Stored data entries:

++++

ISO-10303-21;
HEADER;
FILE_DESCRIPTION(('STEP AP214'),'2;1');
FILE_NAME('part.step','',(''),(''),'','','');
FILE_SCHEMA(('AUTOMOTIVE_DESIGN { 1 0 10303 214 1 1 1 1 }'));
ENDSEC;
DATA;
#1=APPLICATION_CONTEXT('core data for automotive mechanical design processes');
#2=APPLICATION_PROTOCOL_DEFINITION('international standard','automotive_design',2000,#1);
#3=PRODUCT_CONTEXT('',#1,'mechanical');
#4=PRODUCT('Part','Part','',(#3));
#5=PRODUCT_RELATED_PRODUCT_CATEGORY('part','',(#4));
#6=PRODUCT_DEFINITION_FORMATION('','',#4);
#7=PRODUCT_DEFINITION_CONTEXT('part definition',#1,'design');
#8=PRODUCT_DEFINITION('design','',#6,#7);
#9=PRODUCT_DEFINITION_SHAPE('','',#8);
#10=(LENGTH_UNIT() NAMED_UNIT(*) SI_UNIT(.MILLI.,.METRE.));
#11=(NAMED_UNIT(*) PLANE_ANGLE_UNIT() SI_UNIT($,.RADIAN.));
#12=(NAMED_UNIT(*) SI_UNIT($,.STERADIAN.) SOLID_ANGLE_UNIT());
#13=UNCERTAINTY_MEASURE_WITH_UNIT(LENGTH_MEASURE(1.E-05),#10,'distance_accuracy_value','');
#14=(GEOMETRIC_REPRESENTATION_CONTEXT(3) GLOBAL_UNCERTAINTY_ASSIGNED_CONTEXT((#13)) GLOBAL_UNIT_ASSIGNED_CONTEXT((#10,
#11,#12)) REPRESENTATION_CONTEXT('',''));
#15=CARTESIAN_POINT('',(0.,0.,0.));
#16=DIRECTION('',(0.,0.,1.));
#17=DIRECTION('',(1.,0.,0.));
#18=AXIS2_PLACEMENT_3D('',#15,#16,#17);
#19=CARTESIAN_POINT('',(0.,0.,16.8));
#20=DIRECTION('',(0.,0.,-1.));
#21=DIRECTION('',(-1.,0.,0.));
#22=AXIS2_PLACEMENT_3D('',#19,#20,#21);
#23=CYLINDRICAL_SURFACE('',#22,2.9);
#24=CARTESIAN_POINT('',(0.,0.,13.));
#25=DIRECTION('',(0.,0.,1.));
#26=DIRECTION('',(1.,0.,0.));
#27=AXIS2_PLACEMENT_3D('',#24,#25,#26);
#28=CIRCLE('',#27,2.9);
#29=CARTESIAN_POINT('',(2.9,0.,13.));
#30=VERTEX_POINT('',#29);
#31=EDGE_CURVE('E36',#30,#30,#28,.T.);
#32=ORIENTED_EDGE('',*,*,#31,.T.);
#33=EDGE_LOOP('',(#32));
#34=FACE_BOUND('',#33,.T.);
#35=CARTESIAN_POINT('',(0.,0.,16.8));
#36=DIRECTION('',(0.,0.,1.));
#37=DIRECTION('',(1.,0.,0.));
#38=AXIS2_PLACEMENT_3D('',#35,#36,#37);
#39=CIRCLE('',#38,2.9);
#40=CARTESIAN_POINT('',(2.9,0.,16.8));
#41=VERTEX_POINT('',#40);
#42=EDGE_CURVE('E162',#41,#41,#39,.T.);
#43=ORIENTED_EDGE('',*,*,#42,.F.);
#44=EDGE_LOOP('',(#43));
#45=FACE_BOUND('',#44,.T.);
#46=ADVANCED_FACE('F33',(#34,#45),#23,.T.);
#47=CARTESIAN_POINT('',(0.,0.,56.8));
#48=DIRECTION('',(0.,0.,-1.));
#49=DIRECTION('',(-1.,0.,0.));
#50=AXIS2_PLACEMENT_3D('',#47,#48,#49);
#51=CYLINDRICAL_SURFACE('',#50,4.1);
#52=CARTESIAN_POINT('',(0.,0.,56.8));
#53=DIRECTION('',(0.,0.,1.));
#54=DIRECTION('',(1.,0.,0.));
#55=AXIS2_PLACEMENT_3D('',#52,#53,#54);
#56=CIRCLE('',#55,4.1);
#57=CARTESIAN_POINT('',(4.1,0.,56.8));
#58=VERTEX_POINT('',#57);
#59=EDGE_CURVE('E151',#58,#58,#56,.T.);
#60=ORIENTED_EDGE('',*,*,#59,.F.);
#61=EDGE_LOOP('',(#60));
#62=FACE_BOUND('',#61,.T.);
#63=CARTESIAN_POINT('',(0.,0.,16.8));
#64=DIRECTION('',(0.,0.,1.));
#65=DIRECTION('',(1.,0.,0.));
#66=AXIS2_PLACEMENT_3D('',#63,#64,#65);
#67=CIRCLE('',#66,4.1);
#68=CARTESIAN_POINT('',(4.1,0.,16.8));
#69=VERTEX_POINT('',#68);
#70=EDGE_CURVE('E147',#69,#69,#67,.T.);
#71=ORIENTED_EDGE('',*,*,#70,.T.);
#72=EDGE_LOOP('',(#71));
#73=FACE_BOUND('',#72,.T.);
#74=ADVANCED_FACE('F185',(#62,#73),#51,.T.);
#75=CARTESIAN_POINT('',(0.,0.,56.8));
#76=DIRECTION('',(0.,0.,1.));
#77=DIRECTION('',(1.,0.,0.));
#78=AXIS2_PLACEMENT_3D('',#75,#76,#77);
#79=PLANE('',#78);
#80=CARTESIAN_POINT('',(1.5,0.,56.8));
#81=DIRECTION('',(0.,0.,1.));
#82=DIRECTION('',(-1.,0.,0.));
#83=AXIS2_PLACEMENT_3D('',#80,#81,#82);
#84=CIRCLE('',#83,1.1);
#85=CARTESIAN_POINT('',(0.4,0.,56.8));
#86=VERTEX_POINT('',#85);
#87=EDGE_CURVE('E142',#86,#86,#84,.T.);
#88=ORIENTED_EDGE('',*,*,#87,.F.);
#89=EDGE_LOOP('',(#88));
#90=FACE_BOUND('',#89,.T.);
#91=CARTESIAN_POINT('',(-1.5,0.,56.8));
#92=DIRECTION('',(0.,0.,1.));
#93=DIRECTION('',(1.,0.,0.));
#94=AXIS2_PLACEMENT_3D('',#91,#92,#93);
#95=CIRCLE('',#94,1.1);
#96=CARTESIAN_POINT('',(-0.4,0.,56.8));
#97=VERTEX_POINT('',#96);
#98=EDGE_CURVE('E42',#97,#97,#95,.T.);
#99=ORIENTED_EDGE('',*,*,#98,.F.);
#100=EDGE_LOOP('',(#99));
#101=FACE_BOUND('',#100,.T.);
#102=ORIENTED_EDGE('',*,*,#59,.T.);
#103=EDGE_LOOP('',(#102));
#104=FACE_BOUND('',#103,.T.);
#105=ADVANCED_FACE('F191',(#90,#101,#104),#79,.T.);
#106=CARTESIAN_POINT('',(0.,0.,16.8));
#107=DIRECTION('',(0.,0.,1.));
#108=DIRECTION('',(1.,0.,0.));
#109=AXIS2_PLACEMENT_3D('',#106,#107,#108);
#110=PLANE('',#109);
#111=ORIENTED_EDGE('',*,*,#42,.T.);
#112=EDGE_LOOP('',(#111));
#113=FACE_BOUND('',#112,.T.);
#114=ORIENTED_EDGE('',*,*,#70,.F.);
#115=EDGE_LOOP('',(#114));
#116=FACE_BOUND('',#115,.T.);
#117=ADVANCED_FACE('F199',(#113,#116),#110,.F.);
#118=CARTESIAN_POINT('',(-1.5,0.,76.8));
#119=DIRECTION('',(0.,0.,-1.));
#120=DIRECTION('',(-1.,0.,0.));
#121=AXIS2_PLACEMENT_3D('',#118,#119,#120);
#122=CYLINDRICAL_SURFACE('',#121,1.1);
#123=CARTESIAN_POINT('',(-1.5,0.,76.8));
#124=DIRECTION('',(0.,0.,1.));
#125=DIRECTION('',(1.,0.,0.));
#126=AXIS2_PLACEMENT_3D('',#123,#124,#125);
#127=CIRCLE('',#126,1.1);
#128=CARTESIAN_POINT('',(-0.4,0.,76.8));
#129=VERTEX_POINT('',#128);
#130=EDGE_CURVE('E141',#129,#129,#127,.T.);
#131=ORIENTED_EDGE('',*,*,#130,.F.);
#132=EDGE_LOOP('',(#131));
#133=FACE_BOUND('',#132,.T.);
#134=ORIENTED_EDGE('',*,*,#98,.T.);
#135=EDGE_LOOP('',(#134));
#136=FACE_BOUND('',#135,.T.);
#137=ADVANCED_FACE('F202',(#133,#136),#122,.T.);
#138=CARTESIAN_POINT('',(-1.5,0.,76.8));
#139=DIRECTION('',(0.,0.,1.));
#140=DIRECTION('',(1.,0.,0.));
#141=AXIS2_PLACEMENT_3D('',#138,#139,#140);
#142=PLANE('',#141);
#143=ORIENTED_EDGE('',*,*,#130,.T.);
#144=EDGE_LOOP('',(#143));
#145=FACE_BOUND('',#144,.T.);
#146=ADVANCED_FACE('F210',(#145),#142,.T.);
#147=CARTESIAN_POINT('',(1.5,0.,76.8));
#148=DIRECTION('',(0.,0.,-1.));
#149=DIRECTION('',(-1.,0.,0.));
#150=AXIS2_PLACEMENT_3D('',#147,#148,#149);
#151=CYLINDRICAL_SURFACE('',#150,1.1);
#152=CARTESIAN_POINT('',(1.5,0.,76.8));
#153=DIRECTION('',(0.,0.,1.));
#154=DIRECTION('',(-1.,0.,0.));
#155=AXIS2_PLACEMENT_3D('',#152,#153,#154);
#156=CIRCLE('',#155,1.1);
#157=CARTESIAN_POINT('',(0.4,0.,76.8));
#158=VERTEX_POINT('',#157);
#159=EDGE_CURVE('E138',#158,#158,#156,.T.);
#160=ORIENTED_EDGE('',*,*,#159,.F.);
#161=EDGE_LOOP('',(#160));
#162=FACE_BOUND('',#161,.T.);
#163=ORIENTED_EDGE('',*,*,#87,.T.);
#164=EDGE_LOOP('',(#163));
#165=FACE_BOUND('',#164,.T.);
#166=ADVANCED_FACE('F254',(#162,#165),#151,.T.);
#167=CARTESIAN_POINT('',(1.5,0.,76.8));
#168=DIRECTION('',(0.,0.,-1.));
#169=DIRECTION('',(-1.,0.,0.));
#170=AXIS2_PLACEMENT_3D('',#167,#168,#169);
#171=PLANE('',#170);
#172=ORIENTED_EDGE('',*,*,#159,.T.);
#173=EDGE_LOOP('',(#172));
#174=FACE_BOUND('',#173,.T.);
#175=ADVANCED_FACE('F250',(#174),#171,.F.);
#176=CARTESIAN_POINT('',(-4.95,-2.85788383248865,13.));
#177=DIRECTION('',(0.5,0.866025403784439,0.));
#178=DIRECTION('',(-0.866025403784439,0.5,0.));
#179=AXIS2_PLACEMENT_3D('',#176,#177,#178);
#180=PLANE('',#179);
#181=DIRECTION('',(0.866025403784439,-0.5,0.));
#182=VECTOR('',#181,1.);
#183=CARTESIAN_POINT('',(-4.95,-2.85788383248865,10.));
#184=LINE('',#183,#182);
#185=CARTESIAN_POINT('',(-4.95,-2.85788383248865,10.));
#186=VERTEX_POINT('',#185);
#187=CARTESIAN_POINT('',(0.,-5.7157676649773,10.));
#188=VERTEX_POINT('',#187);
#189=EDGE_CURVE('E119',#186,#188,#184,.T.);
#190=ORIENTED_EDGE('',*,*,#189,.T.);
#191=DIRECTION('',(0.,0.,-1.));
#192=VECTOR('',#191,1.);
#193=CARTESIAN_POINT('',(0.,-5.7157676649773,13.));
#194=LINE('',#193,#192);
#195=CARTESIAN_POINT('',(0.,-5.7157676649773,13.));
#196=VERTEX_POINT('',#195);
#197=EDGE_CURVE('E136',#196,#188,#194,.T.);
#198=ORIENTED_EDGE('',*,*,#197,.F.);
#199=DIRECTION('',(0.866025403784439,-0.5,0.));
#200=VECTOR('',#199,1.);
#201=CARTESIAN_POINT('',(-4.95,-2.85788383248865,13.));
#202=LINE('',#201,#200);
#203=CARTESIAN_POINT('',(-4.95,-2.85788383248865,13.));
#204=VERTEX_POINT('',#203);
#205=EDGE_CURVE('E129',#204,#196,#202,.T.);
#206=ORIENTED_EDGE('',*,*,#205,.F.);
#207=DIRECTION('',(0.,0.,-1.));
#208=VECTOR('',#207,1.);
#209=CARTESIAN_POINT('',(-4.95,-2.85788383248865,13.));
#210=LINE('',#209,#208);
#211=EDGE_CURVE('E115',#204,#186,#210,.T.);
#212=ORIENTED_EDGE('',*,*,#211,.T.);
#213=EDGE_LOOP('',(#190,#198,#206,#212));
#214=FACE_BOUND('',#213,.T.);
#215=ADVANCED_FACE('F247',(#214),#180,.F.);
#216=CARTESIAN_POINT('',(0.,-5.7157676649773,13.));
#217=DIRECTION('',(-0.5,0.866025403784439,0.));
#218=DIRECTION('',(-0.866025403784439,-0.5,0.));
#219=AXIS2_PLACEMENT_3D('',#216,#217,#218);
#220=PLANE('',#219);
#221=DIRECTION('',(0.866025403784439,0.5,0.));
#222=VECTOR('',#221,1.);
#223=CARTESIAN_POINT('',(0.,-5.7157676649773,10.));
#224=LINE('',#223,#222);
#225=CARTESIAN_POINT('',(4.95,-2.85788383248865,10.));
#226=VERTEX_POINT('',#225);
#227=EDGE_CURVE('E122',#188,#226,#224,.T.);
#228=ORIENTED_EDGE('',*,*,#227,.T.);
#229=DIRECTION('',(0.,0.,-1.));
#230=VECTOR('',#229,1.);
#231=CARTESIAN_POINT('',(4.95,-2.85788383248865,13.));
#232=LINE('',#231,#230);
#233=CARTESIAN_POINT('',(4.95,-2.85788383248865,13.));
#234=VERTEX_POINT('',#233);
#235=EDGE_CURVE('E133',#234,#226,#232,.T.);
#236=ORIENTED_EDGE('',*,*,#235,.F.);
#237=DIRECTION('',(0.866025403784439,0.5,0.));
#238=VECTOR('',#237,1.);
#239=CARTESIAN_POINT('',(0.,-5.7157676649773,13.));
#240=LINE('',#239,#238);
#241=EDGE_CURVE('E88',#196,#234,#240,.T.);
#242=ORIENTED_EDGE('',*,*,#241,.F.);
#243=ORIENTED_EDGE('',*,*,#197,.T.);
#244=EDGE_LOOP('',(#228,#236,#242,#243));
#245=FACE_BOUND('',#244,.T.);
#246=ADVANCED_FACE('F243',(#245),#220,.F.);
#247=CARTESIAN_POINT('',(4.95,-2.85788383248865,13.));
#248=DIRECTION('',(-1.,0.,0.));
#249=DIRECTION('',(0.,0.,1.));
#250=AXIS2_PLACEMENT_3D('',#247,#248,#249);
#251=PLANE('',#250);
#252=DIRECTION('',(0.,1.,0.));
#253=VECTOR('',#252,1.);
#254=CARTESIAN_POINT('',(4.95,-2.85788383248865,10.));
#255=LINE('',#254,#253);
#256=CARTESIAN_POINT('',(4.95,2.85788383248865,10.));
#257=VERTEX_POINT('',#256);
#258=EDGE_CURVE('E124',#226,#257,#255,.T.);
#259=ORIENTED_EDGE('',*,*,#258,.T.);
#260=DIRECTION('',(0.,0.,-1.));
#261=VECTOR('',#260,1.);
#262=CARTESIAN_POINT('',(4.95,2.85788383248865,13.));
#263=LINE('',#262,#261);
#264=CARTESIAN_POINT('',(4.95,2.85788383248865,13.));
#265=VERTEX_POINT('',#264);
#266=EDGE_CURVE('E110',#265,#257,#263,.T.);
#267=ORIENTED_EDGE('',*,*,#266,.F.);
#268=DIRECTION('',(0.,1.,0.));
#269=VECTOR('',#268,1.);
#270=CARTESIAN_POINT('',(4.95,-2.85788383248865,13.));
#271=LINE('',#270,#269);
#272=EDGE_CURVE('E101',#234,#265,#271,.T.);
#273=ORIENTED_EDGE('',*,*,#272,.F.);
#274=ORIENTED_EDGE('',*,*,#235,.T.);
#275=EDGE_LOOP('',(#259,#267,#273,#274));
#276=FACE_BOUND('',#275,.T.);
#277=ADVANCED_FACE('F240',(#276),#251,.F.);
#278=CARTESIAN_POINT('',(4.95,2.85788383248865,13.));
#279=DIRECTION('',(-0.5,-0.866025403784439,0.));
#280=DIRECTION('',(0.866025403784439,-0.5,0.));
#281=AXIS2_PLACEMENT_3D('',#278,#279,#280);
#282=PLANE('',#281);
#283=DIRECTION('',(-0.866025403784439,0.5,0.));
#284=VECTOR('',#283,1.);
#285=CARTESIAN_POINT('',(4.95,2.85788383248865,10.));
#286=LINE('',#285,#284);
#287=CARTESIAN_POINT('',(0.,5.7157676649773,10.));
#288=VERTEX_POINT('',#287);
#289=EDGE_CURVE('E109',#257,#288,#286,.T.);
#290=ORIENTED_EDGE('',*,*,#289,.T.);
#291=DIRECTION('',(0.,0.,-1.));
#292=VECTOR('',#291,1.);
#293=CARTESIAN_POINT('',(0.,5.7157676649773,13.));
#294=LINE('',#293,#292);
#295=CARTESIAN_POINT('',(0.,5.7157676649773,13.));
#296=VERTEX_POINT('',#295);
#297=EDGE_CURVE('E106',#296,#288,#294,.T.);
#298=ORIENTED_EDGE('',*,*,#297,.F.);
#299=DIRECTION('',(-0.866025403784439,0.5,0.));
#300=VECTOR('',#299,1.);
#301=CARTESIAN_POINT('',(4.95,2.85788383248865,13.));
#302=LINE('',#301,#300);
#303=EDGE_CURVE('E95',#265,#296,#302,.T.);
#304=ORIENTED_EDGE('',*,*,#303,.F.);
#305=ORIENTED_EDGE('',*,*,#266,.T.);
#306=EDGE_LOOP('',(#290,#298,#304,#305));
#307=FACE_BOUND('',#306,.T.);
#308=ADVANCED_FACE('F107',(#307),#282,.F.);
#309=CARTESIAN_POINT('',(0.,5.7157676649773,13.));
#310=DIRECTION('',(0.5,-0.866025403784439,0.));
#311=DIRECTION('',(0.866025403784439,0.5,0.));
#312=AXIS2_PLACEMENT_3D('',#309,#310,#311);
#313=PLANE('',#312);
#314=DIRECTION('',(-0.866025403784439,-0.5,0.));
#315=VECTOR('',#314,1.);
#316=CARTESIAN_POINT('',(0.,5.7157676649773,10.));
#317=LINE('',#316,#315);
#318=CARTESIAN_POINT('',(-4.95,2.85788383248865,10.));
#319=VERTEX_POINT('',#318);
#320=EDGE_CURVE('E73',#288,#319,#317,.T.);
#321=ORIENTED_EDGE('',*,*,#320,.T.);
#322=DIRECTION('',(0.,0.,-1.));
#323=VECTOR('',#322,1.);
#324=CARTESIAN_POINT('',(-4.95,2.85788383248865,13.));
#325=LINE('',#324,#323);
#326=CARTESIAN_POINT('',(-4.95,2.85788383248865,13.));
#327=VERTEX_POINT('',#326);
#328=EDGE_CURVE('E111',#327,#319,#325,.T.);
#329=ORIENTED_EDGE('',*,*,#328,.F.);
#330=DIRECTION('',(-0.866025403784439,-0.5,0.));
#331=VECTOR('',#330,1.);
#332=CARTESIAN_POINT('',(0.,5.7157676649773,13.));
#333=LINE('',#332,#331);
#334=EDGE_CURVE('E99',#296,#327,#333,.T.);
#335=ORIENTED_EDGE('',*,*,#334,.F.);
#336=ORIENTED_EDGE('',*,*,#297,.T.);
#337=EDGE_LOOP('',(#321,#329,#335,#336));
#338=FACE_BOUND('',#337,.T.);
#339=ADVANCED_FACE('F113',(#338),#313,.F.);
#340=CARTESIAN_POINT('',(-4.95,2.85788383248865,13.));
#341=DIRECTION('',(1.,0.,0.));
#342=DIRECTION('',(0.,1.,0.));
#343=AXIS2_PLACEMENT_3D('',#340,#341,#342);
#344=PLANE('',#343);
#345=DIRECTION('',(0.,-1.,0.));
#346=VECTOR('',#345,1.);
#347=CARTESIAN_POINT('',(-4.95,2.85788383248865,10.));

++++

### Exercise description
Retype only the lines above between the line with "#187=CARTESIAN_POINT('',(0.,-5.7157676649773,10.));" and the line with "#194=LINE('',#193,#192);", counting those two lines as well, and keep every character as it is.

### Answer to this task
#187=CARTESIAN_POINT('',(0.,-5.7157676649773,10.));
#188=VERTEX_POINT('',#187);
#189=EDGE_CURVE('E119',#186,#188,#184,.T.);
#190=ORIENTED_EDGE('',*,*,#189,.T.);
#191=DIRECTION('',(0.,0.,-1.));
#192=VECTOR('',#191,1.);
#193=CARTESIAN_POINT('',(0.,-5.7157676649773,13.));
#194=LINE('',#193,#192);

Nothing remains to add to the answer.